THE PROBLEM: Take the records below and retype them line by line, from the first line through the one containing "- added R45: 27Ω, Resistor_SMD:R_0603_1608Metric, F.Cu"; stop there.

MATERIAL FOR THE TASK:

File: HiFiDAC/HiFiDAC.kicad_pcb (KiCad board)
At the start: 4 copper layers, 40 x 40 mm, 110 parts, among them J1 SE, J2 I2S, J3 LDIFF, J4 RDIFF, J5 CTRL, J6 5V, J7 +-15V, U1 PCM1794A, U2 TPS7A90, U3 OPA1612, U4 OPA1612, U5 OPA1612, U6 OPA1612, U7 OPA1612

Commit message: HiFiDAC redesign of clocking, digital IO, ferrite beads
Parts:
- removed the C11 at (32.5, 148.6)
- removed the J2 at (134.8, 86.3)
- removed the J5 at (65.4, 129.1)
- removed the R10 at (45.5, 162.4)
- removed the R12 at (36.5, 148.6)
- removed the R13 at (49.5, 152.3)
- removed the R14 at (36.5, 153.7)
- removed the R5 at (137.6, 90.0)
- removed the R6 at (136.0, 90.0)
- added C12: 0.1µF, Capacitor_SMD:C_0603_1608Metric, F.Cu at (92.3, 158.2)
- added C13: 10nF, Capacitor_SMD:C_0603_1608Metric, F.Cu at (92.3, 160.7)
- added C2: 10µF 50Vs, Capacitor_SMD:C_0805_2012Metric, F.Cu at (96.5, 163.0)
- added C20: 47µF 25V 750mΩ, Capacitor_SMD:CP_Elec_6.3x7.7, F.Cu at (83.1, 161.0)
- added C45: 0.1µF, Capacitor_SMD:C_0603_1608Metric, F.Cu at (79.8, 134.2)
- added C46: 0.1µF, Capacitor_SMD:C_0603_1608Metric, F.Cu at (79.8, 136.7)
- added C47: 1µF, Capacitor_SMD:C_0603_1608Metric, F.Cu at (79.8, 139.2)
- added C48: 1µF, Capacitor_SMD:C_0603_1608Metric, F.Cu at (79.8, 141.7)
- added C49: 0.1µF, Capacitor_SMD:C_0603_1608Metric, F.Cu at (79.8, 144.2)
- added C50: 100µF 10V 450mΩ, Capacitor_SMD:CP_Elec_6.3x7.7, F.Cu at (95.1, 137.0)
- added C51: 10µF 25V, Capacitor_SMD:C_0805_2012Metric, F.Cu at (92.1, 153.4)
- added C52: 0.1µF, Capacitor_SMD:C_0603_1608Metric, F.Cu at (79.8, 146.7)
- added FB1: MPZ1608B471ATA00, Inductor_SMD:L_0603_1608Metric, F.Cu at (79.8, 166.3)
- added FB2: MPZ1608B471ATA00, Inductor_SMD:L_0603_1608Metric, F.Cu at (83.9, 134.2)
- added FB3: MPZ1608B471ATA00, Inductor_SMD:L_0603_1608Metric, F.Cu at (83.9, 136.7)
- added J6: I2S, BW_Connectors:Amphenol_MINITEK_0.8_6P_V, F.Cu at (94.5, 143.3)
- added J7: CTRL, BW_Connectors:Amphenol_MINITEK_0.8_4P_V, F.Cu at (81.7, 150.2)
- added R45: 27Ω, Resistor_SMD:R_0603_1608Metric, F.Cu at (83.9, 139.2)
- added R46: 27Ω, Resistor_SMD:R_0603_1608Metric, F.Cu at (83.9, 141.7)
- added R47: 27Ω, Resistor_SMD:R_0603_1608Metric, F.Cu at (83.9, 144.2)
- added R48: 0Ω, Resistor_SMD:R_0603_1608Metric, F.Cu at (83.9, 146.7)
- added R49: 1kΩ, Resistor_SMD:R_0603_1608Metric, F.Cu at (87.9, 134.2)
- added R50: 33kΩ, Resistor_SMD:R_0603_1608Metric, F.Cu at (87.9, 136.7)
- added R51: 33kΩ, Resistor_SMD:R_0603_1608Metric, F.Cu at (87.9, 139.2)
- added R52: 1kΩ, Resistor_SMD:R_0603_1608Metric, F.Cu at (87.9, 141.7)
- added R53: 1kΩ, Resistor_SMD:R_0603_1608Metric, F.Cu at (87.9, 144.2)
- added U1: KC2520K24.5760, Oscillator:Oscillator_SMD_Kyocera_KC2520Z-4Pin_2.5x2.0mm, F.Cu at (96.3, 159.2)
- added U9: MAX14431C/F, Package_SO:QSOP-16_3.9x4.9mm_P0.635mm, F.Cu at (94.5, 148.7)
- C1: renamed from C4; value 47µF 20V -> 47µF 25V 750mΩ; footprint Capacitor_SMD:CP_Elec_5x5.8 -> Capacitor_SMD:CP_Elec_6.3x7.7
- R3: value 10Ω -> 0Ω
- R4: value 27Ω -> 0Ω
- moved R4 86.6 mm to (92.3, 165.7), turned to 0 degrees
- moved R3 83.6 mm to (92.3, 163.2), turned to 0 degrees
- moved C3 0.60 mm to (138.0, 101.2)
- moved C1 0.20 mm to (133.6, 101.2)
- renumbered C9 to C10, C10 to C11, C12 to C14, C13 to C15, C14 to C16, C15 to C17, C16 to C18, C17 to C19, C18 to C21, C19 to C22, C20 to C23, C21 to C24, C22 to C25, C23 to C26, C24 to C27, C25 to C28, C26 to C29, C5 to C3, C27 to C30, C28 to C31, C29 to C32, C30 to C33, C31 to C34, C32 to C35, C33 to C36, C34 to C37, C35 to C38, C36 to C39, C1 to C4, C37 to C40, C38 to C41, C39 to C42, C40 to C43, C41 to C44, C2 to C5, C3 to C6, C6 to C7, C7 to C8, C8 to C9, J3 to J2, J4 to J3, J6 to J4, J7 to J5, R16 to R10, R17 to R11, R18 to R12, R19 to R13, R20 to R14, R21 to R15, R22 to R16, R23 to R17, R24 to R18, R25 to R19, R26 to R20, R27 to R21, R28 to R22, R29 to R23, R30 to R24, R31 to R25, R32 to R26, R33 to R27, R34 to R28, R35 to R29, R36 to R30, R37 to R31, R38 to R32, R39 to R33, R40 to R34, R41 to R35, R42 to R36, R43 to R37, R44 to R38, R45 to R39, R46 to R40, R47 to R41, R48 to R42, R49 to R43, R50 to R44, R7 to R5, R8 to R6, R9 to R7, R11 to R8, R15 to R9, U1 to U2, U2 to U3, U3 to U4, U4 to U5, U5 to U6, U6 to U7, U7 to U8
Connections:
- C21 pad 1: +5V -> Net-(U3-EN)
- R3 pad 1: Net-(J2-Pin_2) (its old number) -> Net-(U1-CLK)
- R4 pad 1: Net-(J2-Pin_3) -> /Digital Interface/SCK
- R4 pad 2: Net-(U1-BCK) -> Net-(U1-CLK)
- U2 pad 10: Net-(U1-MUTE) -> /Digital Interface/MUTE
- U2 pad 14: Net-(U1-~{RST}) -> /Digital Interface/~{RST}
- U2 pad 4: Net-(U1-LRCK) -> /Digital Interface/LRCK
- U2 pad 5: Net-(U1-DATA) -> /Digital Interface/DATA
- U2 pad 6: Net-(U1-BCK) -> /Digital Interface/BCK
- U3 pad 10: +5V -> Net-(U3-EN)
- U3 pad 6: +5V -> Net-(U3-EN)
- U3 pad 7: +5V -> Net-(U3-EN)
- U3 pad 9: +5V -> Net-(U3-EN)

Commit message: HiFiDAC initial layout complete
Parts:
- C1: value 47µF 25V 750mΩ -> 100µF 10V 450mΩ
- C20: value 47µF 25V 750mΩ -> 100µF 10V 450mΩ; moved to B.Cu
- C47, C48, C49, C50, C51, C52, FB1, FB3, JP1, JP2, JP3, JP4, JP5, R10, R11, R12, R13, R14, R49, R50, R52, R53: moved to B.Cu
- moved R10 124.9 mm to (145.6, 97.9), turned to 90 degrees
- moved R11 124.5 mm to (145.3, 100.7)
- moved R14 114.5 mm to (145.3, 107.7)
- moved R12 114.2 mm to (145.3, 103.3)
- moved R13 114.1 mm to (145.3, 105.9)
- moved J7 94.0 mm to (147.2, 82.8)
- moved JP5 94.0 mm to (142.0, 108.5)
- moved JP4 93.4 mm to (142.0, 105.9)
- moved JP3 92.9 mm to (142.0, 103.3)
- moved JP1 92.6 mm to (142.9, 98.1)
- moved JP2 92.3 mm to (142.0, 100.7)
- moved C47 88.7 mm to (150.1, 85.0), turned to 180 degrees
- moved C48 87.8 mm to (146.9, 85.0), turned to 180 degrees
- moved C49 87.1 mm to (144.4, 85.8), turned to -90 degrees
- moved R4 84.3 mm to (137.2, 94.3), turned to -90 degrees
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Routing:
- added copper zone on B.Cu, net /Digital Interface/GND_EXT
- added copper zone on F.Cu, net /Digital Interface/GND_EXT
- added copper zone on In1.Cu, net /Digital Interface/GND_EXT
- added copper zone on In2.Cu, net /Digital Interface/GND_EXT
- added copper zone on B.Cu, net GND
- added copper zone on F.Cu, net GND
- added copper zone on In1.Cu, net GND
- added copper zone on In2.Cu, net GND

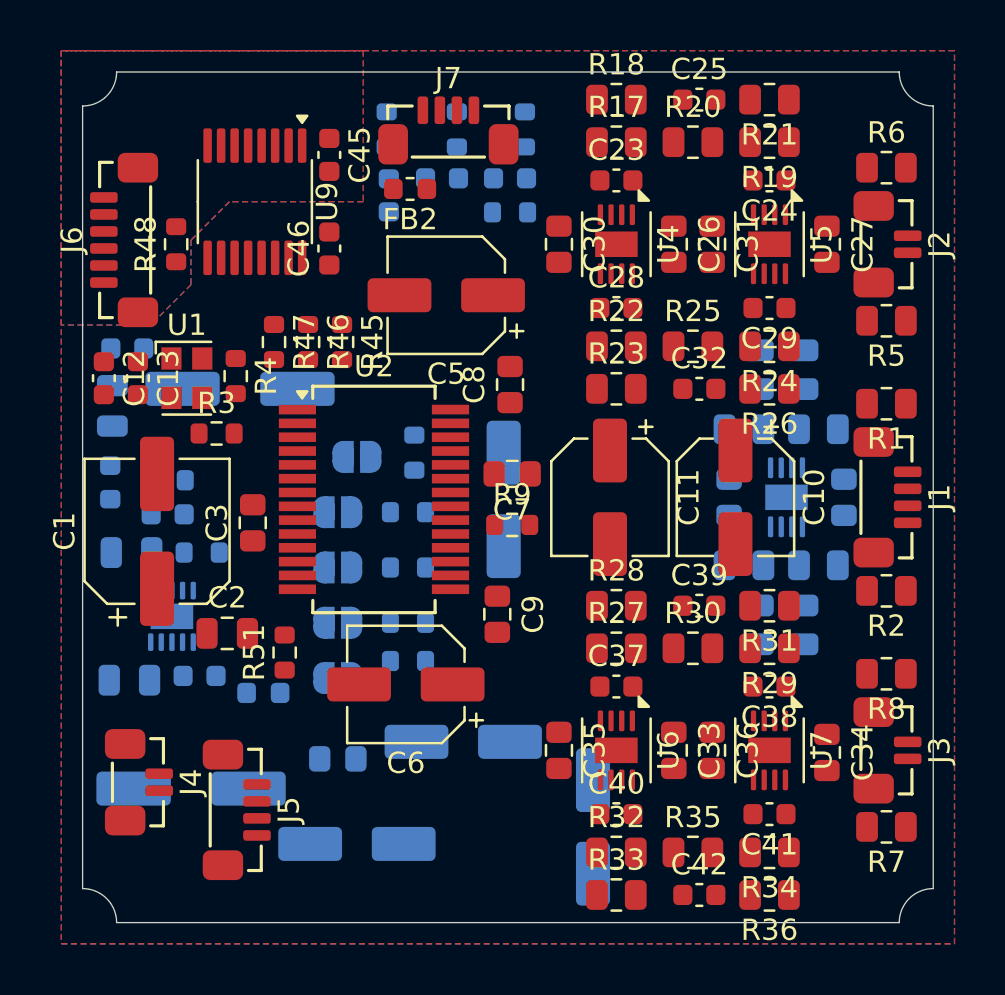
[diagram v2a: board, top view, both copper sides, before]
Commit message: HiFiDAC routing initially complete
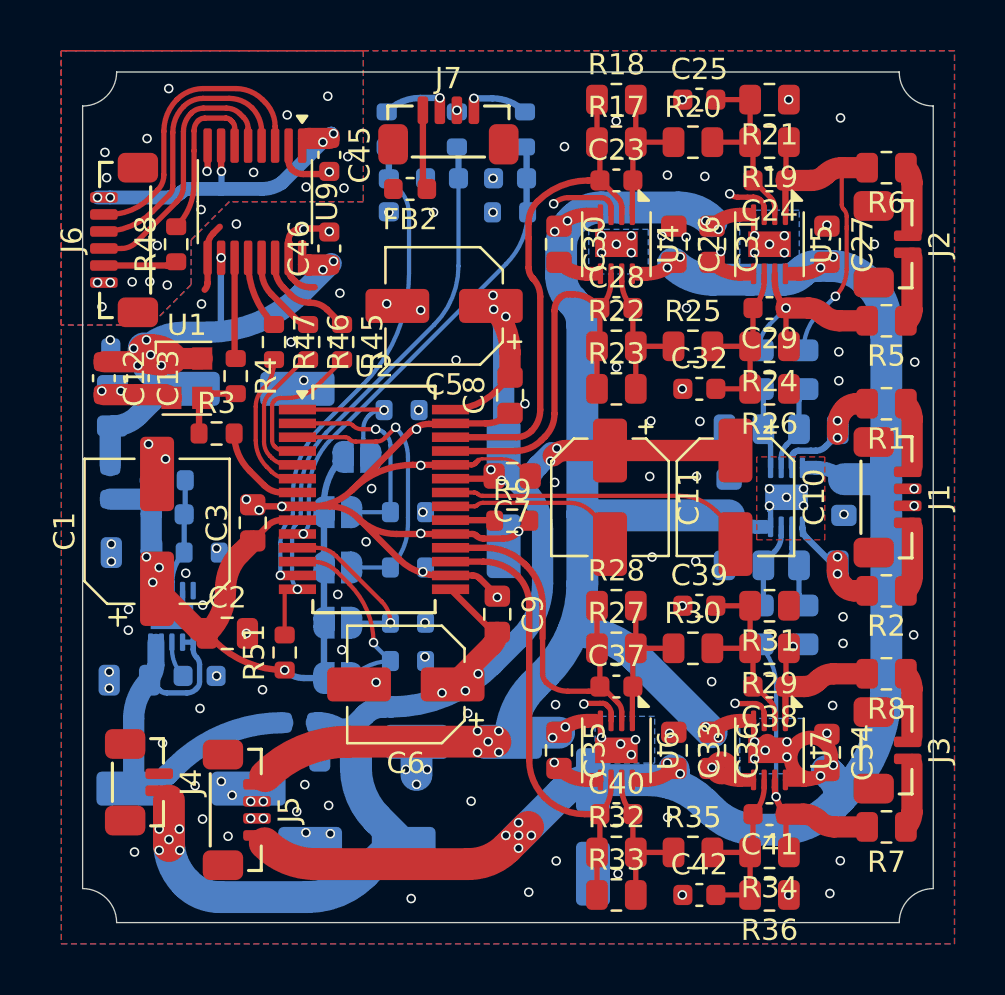
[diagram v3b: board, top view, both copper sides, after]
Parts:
- moved FB1 2.20 mm to (140.2, 110.6)
- moved R10 2.09 mm to (145.0, 95.9), turned to 0 degrees
- moved C5 0.51 mm to (147.0, 91.0)
- moved C8 0.50 mm to (150.1, 95.2)
- moved R9 0.20 mm to (150.2, 101.1)
- moved C7 0.10 mm to (150.2, 99.0)
- turned R6 to 180 degrees
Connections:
- R1 pad 1: Net-(J1-Pin_1) -> Net-(J1-Pin_4)
- R2 pad 1: Net-(J1-Pin_4) -> Net-(J1-Pin_1)
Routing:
- net -15V: track 0.00 -> 82.8 mm, vias 0 -> 37
- net +15V: track 0.00 -> 80.7 mm, vias 0 -> 13
- net +5V: track 0.00 -> 76.8 mm, vias 0 -> 15
- net GND: track 0.00 -> 76.8 mm, vias 0 -> 124
- net +3.3V: track 0.00 -> 35.0 mm, vias 0 -> 4
- net +3.3VD: track 0.00 -> 29.7 mm, vias 0 -> 8
- net /Digital Interface/~{RST}: track 0.00 -> 26.3 mm, vias 0 -> 1
- net /I-V Stage/IL-: track 0.00 -> 24.1 mm
- net /ZERO: track 0.00 -> 23.1 mm, vias 0 -> 1
- net /Digital Interface/MUTE: track 0.00 -> 22.6 mm, vias 0 -> 1
- net /I-V Stage/IR+: track 0.00 -> 22.4 mm
- net Net-(U3-EN): track 0.00 -> 20.8 mm
- net /I-V Stage/IL+: track 0.00 -> 19.0 mm
- net /I-V Stage/IR-: track 0.00 -> 18.1 mm
- net /Differential Amp/VL-: track 0.00 -> 16.7 mm, vias 0 -> 1
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- added copper zone on B.Cu, net -15V
- added copper zone on F.Cu, net -15V

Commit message: HiFiDAC PCB reference placement, text, and cleanup
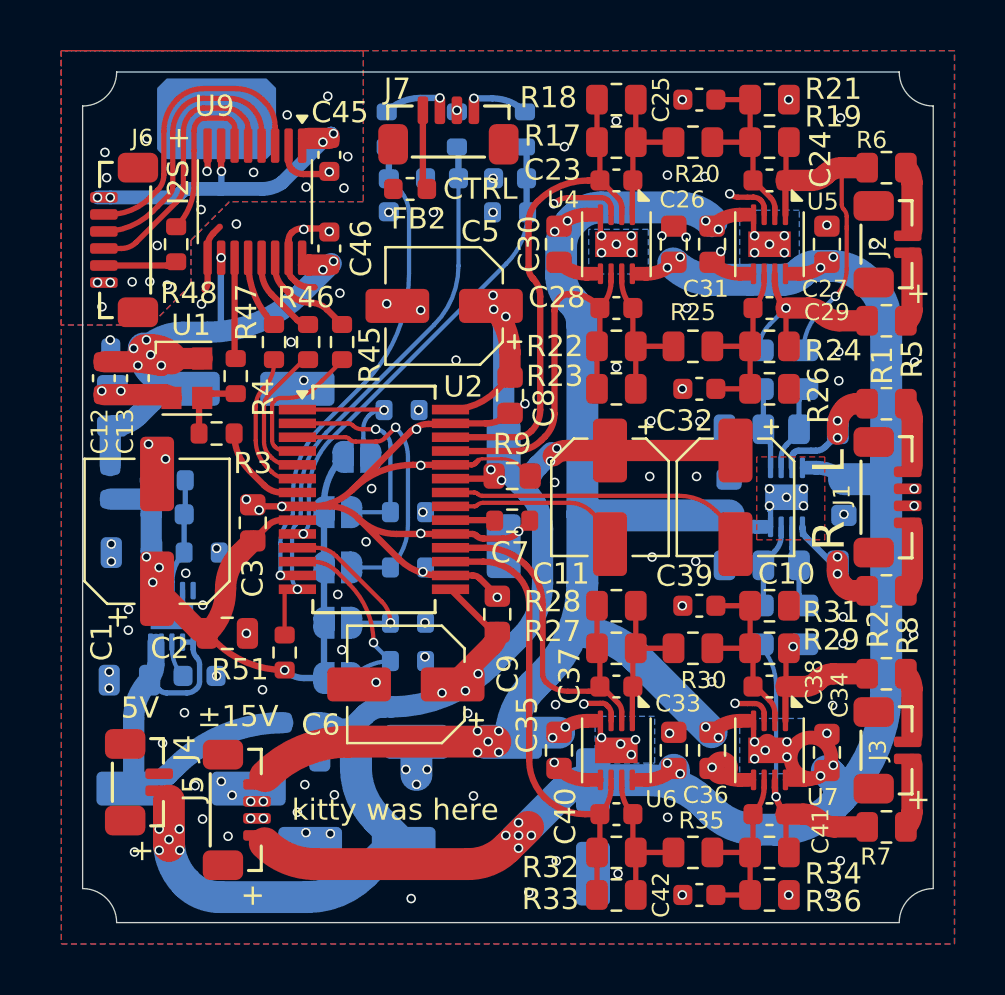
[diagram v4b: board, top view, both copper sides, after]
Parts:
- added REF**: BW_Logo_5x3.2mm, BW_Logo:BW_Logo_5x3.2mm, B.Cu at (136.3, 82.2)
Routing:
- net /Digital Interface/GND_EXT: vias 20 -> 19
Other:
- board text added: "+"
- board text added: "5V"
- board text added: "CHSL"
- board text added: "CTRL"
- board text added: "DEM"
- board text added: "FMT 0 1"
- board text added: "I2S +"
- board text added: "L"
- board text added: "MONO"
- board text added: "Modular Audio HiFi DAC"
- board text added: "R"
- board text added: "kitty was here"
- board text added: "±15V"

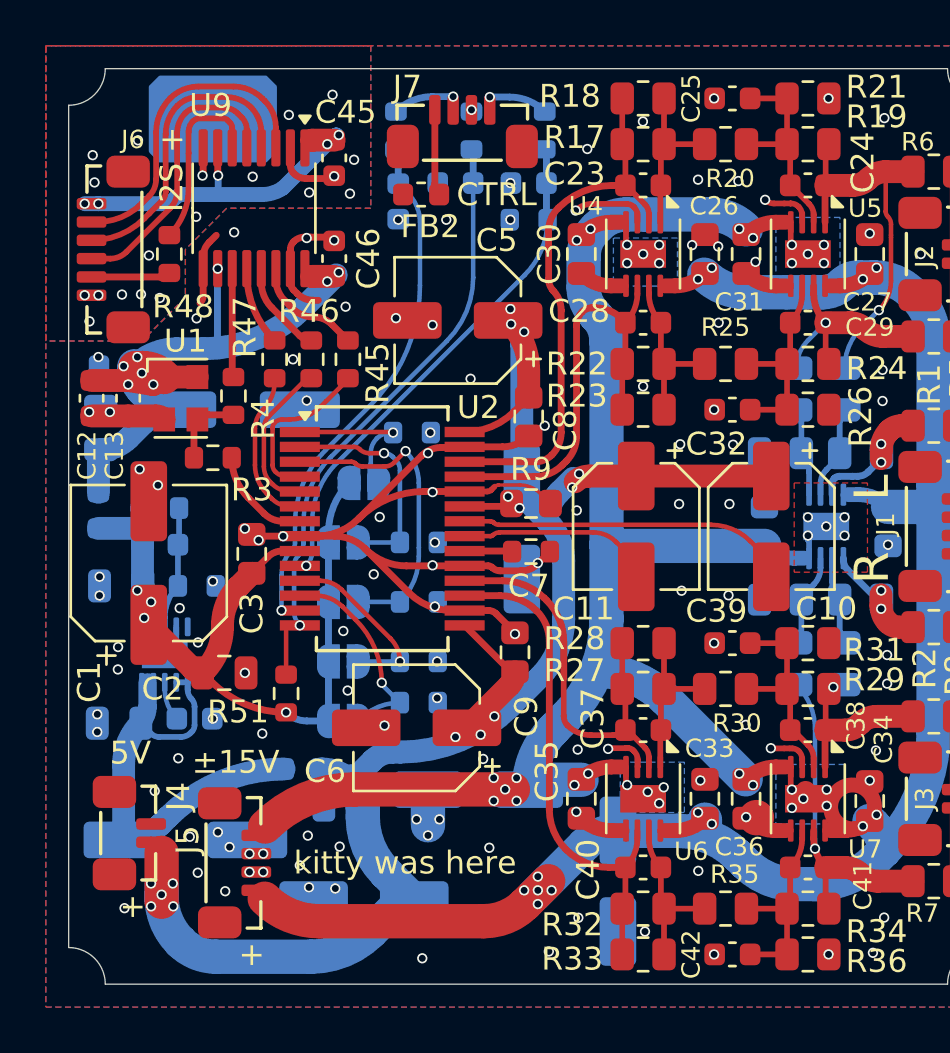
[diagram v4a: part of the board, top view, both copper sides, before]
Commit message: HiFiDAC routing done, CleanLVSupply fuses added
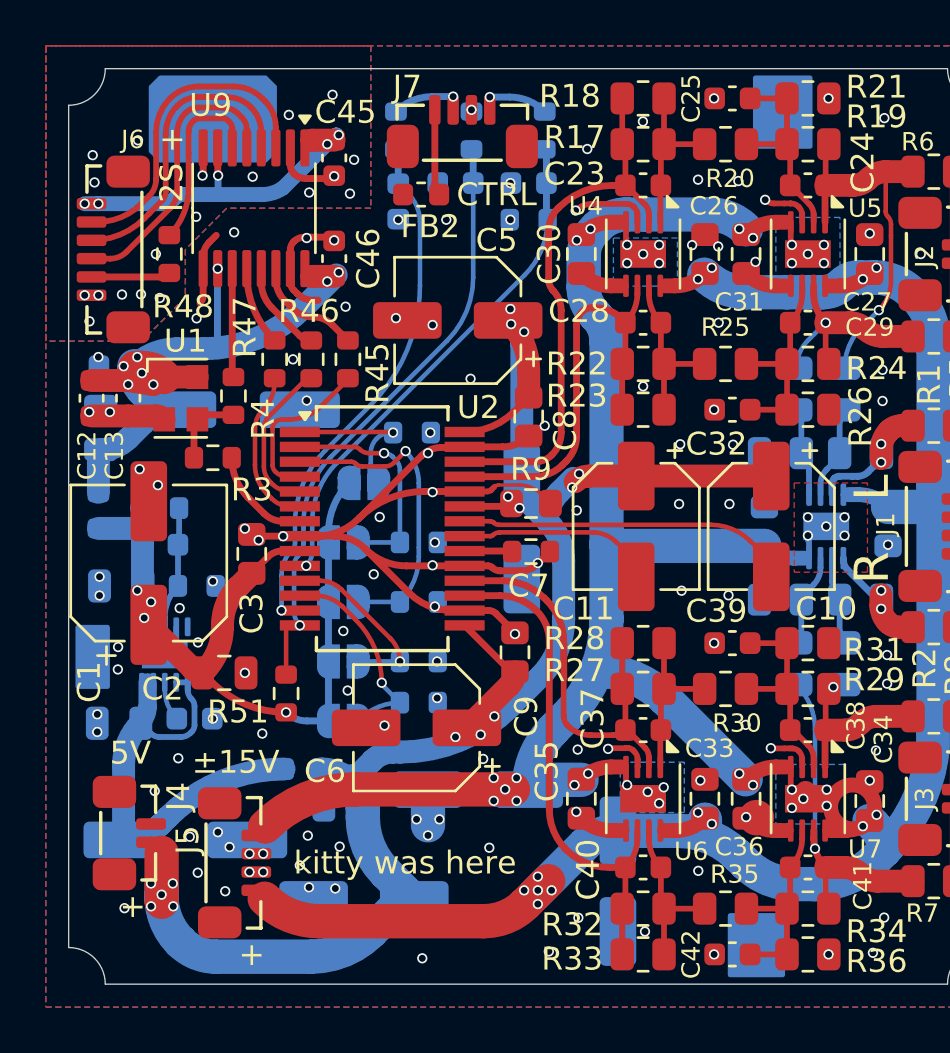
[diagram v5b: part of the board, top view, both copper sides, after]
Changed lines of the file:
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@@
 		(tags "capacitor")
 		(property "Reference" "C21"
-			(at 1 2.3 -90)
+			(at 1.3 -2.3 -90)
 			(layer "B.SilkS")
 			(effects
@@
 			(net 2 "GND")
 			(pintype "passive")
+			(zone_connect 2)
 		)
 		(model "${KICAD8_3DMODEL_DIR}/Capacitor_SMD.3dshapes/C_0805_2012Metric.wrl"
@@
 		(tags "capacitor")
 		(property "Reference" "C19"
-			(at 1 -1.7 360)
+			(at 0.8 1.4 360)
 			(layer "B.SilkS")
 			(effects
@@
 			(net 2 "GND")
 			(pintype "passive")
+			(zone_connect 2)
 		)
 		(model "${KICAD8_3DMODEL_DIR}/Capacitor_SMD.3dshapes/C_0805_2012Metric.wrl"
@@
 		)
 	)
+	(gr_rect
+		(start 158.9 117)
+		(end 161.2 119.6)
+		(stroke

ANSWER SPACE:
File: HiFiDAC/HiFiDAC.kicad_pcb (KiCad board)
At the start: 4 copper layers, 40 x 40 mm, 110 parts, among them J1 SE, J2 I2S, J3 LDIFF, J4 RDIFF, J5 CTRL, J6 5V, J7 +-15V, U1 PCM1794A, U2 TPS7A90, U3 OPA1612, U4 OPA1612, U5 OPA1612, U6 OPA1612, U7 OPA1612

Commit message: HiFiDAC redesign of clocking, digital IO, ferrite beads
Parts:
- removed the C11 at (32.5, 148.6)
- removed the J2 at (134.8, 86.3)
- removed the J5 at (65.4, 129.1)
- removed the R10 at (45.5, 162.4)
- removed the R12 at (36.5, 148.6)
- removed the R13 at (49.5, 152.3)
- removed the R14 at (36.5, 153.7)
- removed the R5 at (137.6, 90.0)
- removed the R6 at (136.0, 90.0)
- added C12: 0.1µF, Capacitor_SMD:C_0603_1608Metric, F.Cu at (92.3, 158.2)
- added C13: 10nF, Capacitor_SMD:C_0603_1608Metric, F.Cu at (92.3, 160.7)
- added C2: 10µF 50Vs, Capacitor_SMD:C_0805_2012Metric, F.Cu at (96.5, 163.0)
- added C20: 47µF 25V 750mΩ, Capacitor_SMD:CP_Elec_6.3x7.7, F.Cu at (83.1, 161.0)
- added C45: 0.1µF, Capacitor_SMD:C_0603_1608Metric, F.Cu at (79.8, 134.2)
- added C46: 0.1µF, Capacitor_SMD:C_0603_1608Metric, F.Cu at (79.8, 136.7)
- added C47: 1µF, Capacitor_SMD:C_0603_1608Metric, F.Cu at (79.8, 139.2)
- added C48: 1µF, Capacitor_SMD:C_0603_1608Metric, F.Cu at (79.8, 141.7)
- added C49: 0.1µF, Capacitor_SMD:C_0603_1608Metric, F.Cu at (79.8, 144.2)
- added C50: 100µF 10V 450mΩ, Capacitor_SMD:CP_Elec_6.3x7.7, F.Cu at (95.1, 137.0)
- added C51: 10µF 25V, Capacitor_SMD:C_0805_2012Metric, F.Cu at (92.1, 153.4)
- added C52: 0.1µF, Capacitor_SMD:C_0603_1608Metric, F.Cu at (79.8, 146.7)
- added FB1: MPZ1608B471ATA00, Inductor_SMD:L_0603_1608Metric, F.Cu at (79.8, 166.3)
- added FB2: MPZ1608B471ATA00, Inductor_SMD:L_0603_1608Metric, F.Cu at (83.9, 134.2)
- added FB3: MPZ1608B471ATA00, Inductor_SMD:L_0603_1608Metric, F.Cu at (83.9, 136.7)
- added J6: I2S, BW_Connectors:Amphenol_MINITEK_0.8_6P_V, F.Cu at (94.5, 143.3)
- added J7: CTRL, BW_Connectors:Amphenol_MINITEK_0.8_4P_V, F.Cu at (81.7, 150.2)
- added R45: 27Ω, Resistor_SMD:R_0603_1608Metric, F.Cu at (83.9, 139.2)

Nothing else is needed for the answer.